# What is best and safest way to control cat dander/dandruff



## Brynn (Jun 25, 2005)

All of my cats are indoor, and they all have some degree of dander/dandruff, especially along the spine and near the base of their tails.
They are brushed several times a week, and the brushing brings the dry skin flakes to the surface. I have read on various threads/posts that it's not good to bathe indoor kitties. I would appreciate any and all suggestions.

A couple of weeks ago, I started mixing Omega 3 supplements into their food, but am not having much luck with this. I have also tried the "wet wipes" recommended for reducing dander in cats, but it seems to be ineffective.

Does anyone have experience with the foam shampoo for cats, which requires no actual bathing? If so, what was your opinion and would it help with this?

My daughter and I both have slight allergies to the dander. My hands sometimes turn red and itch after brushing/petting (easily remedied by washing thoroughly afterward); and my daughter has moderate eczema which flares when she pets the cats or brushes them for more than a couple of minutes.

Am I missing something that would help to control this problem? Is there are more specific supplement I can give them which would be better than or should be used in addition to the Omega 3?

They are all DSH kitties: two tabby and one Russian Blue mix. We also have a Maine **** kitten (she belongs to my daughter) but she is young and doesn't have a dander problem (yet). 

Thanks everyone!


----------



## nanook (Jun 12, 2005)

Well dander and dandruff are two different things. I can't answer the dander question. I'm sure others have suggestions. As far as dandruff goes, the first thing I'd look at is their diet. Especially since they all have it. Perhaps they need a better quality food? Also it could be food allergies but again, unlikely if they all have it. It could also be weather related. Did if start recently? Is it really dry where you are? As far as baths go I don't bathe mine but if you want to try to see if it helps there's no reason not to. I'd get a good conditioning shampoo made specially for cats. I wouldn't use anything like the foams or powders as your trying to condition the cats skin and coat and they may dry it out even more.


----------



## Brynn (Jun 25, 2005)

Thanks for the post, Nanook!

All of them have had dandruff (and/or) dander problems to varying degrees since early adulthood. (btw...what is the difference between dandruff and dander?)

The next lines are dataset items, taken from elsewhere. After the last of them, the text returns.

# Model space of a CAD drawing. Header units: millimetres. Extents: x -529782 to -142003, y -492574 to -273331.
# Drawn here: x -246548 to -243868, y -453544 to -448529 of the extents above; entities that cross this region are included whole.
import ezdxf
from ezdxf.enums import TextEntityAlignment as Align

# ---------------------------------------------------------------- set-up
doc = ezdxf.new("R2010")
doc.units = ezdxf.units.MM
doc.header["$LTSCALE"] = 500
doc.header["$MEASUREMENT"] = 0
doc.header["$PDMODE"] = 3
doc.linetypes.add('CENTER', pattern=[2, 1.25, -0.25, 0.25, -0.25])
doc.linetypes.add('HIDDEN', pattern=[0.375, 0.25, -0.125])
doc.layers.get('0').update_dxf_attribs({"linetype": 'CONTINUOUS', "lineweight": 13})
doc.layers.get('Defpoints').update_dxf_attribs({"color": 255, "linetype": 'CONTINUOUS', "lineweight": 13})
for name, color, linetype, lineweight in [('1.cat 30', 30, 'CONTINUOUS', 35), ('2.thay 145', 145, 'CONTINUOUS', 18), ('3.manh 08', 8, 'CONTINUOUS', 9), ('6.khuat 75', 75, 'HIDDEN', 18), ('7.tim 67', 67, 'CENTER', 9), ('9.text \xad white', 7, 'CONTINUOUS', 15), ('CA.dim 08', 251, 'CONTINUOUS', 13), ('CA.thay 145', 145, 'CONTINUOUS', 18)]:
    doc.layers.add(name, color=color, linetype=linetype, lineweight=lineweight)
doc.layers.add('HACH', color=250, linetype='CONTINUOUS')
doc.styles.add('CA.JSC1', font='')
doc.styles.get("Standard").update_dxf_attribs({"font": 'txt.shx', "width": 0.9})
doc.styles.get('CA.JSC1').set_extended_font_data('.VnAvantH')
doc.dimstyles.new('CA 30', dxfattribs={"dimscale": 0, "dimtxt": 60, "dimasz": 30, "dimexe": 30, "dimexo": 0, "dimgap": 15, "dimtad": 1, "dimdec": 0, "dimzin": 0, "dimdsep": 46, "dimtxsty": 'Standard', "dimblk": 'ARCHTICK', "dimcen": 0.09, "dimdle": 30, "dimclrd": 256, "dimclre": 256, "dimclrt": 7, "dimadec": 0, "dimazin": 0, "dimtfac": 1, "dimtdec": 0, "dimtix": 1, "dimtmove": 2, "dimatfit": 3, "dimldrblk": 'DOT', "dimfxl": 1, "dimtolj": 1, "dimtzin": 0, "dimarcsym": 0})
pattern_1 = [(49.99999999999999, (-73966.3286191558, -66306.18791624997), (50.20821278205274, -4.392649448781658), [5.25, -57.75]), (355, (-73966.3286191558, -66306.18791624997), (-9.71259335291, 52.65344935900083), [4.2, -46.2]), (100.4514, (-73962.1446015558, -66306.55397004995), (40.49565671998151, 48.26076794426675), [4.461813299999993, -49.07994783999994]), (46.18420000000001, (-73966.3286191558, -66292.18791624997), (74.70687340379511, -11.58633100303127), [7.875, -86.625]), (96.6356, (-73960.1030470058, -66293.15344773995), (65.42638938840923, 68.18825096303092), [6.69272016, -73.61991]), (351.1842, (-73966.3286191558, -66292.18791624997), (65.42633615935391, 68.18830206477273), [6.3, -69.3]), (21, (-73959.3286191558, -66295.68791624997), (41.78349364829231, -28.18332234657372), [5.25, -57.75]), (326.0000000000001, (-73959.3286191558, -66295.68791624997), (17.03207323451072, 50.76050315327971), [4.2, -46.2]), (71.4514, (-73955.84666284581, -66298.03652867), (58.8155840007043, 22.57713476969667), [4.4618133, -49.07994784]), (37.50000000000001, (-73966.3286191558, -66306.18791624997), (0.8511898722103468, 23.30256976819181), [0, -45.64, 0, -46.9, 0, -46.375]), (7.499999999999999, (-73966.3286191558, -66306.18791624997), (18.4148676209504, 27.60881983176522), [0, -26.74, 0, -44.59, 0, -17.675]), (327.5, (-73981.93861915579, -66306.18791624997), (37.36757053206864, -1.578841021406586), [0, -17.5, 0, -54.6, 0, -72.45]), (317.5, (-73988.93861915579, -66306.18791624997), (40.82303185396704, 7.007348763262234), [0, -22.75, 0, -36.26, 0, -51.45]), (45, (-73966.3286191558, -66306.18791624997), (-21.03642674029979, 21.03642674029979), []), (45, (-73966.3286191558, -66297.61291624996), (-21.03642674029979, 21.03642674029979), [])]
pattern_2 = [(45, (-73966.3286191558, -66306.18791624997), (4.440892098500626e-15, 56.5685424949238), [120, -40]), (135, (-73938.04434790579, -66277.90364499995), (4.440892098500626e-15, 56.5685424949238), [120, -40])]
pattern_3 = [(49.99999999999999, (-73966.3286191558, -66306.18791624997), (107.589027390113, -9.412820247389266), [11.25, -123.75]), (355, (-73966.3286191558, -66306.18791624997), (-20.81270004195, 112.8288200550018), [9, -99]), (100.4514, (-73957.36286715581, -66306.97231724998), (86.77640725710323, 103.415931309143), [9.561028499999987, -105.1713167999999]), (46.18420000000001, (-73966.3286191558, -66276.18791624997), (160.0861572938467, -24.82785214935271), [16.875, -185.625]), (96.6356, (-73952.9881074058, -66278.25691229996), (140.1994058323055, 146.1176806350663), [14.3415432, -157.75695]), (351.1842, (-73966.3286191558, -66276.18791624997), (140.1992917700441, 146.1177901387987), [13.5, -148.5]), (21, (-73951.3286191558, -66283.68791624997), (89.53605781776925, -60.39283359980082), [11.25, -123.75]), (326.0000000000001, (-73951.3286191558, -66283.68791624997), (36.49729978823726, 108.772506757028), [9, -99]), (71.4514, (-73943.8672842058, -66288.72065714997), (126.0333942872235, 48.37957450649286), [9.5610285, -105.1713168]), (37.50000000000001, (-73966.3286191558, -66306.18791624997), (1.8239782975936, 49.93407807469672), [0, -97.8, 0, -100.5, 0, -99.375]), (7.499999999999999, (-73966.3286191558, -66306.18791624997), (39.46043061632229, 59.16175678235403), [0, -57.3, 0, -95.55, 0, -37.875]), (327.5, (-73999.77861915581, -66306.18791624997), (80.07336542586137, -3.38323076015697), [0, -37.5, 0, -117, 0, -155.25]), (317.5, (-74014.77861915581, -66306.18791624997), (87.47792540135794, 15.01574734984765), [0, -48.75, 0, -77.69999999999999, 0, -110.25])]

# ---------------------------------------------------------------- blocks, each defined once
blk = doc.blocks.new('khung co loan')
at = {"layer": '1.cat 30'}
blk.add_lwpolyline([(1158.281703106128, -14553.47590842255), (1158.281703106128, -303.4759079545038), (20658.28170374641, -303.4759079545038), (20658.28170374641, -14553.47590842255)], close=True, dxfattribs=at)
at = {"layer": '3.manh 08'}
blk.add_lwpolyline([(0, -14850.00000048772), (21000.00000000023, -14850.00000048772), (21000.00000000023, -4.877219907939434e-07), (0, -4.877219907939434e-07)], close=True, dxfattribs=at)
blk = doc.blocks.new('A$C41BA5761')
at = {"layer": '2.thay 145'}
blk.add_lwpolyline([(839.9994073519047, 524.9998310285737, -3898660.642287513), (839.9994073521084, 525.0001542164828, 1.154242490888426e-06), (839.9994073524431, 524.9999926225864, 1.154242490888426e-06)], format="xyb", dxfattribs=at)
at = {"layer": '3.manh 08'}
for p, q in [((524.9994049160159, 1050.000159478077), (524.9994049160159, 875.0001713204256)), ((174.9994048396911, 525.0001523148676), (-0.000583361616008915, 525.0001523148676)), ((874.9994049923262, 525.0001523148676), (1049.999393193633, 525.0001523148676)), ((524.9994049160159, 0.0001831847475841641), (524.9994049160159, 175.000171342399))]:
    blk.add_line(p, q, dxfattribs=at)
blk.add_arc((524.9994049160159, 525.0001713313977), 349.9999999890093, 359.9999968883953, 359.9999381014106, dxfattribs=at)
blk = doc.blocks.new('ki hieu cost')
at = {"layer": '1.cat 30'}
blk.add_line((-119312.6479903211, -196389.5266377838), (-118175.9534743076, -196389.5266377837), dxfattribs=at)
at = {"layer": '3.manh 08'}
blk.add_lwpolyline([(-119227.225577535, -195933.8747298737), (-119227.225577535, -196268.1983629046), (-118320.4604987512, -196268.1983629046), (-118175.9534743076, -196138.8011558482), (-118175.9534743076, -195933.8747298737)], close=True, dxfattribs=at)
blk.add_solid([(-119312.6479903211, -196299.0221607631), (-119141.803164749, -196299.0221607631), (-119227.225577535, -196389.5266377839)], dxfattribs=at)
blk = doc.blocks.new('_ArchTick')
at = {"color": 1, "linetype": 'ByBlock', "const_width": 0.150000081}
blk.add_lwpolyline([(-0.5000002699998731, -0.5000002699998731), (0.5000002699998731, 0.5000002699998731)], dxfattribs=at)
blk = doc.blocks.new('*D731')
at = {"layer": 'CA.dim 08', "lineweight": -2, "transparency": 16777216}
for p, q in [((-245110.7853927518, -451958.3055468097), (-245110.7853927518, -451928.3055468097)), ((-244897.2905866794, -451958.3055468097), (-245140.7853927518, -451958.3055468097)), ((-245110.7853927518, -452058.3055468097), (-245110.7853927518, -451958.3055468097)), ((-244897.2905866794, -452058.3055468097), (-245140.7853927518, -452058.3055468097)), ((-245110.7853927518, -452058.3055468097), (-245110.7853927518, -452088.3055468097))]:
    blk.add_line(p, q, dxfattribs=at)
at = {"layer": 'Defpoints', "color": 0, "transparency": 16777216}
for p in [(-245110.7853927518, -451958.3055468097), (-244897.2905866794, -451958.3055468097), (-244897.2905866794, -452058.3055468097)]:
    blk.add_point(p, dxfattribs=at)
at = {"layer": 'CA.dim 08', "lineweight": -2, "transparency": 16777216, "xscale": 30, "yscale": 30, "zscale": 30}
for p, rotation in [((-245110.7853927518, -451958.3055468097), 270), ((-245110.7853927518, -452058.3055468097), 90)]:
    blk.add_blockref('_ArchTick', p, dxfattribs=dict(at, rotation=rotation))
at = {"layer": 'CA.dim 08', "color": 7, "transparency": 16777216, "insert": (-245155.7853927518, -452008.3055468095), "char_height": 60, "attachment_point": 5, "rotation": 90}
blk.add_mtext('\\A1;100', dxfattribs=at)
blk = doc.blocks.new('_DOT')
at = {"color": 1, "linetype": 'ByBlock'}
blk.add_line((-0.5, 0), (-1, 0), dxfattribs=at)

It most certainly could be their diet. (Before I am lynched, I am aware this in NOT good!)  They all eat the same thing: Meow Mix for Indoor Cats. Before the indoor formula came out, they had the regular Meow Mix. I have tried several times to switch them to Science Diet, but met with a LOT of resistance. I had miserable cats (and yes, I did go through the gradual change: 75%-25%; 50%-50%, etc...) I would also leave down a bowl of Science Diet only...they never touched it. They would go through a lot of trouble to pick out the Meow Mix and leave the SD in the bowl :roll: 

I also tried 2 other "high grade" cat foods that I got from either the vet or PetSmart over the past few years. Cats showed same resistance. Eventually, I just gave up, knowing that this was far from being ideal...but I had gotten to the point that I couldn't stand throwing away bag after bag of stale, expensive cat food (Compared to Meow Mix, anyway). None of my Furries will ever touch wet food, and we have tried just about everything. They won the battle of the wills...I was able to deal with two teenagers, but the cats beat me, hands down.  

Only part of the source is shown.